> _What the exercise asks_
Your task is to copy each line of the material that holds the word "centre".
[Start of section]
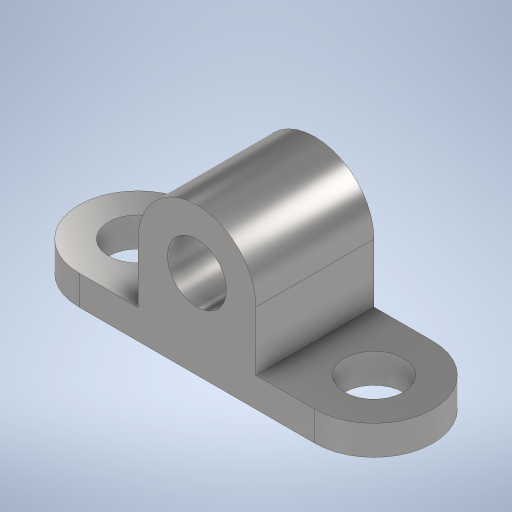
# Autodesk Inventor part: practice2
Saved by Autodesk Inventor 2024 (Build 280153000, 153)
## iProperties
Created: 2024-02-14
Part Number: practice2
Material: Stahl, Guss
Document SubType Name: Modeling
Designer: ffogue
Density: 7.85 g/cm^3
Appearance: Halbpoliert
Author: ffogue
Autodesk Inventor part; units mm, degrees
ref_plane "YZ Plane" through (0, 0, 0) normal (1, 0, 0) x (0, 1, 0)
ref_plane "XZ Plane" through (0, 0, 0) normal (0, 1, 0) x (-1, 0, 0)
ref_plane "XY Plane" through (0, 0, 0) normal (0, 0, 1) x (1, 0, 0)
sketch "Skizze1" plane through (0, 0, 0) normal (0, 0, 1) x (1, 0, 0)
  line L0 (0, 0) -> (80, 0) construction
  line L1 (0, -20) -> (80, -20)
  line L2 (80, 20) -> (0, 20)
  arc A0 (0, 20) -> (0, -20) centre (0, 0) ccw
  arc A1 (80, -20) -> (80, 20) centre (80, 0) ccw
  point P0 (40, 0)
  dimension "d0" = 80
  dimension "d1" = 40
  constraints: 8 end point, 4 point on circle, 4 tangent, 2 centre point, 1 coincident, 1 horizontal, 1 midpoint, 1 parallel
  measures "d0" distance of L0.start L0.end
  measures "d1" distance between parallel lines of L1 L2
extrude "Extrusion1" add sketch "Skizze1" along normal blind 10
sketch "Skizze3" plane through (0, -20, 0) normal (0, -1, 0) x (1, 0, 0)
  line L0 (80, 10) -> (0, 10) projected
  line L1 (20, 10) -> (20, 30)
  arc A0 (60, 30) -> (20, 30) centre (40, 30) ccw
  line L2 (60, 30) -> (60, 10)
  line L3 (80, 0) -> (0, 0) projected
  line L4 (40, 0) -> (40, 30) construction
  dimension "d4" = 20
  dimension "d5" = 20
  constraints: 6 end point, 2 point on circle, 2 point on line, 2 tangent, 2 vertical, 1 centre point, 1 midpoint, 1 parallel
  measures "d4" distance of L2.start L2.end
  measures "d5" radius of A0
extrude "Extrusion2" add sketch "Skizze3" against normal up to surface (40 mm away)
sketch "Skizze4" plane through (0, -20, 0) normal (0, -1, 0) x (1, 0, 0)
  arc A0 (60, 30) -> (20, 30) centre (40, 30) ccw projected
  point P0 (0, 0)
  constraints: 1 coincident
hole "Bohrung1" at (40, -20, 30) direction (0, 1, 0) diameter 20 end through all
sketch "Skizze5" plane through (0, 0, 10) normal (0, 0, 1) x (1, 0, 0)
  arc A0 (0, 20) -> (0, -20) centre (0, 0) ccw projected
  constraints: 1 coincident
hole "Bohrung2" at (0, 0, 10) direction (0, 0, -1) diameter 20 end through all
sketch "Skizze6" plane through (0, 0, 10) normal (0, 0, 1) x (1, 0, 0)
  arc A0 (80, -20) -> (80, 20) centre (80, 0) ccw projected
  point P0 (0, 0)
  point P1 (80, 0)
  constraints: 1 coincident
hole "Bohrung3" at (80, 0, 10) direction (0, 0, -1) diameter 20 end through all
[End of section]
> _Reply to the task_
  arc A0 (0, 20) -> (0, -20) centre (0, 0) ccw
  arc A1 (80, -20) -> (80, 20) centre (80, 0) ccw
  constraints: 8 end point, 4 point on circle, 4 tangent, 2 centre point, 1 coincident, 1 horizontal, 1 midpoint, 1 parallel
  arc A0 (60, 30) -> (20, 30) centre (40, 30) ccw
  constraints: 6 end point, 2 point on circle, 2 point on line, 2 tangent, 2 vertical, 1 centre point, 1 midpoint, 1 parallel
  arc A0 (60, 30) -> (20, 30) centre (40, 30) ccw projected
  arc A0 (0, 20) -> (0, -20) centre (0, 0) ccw projected
  arc A0 (80, -20) -> (80, 20) centre (80, 0) ccw projected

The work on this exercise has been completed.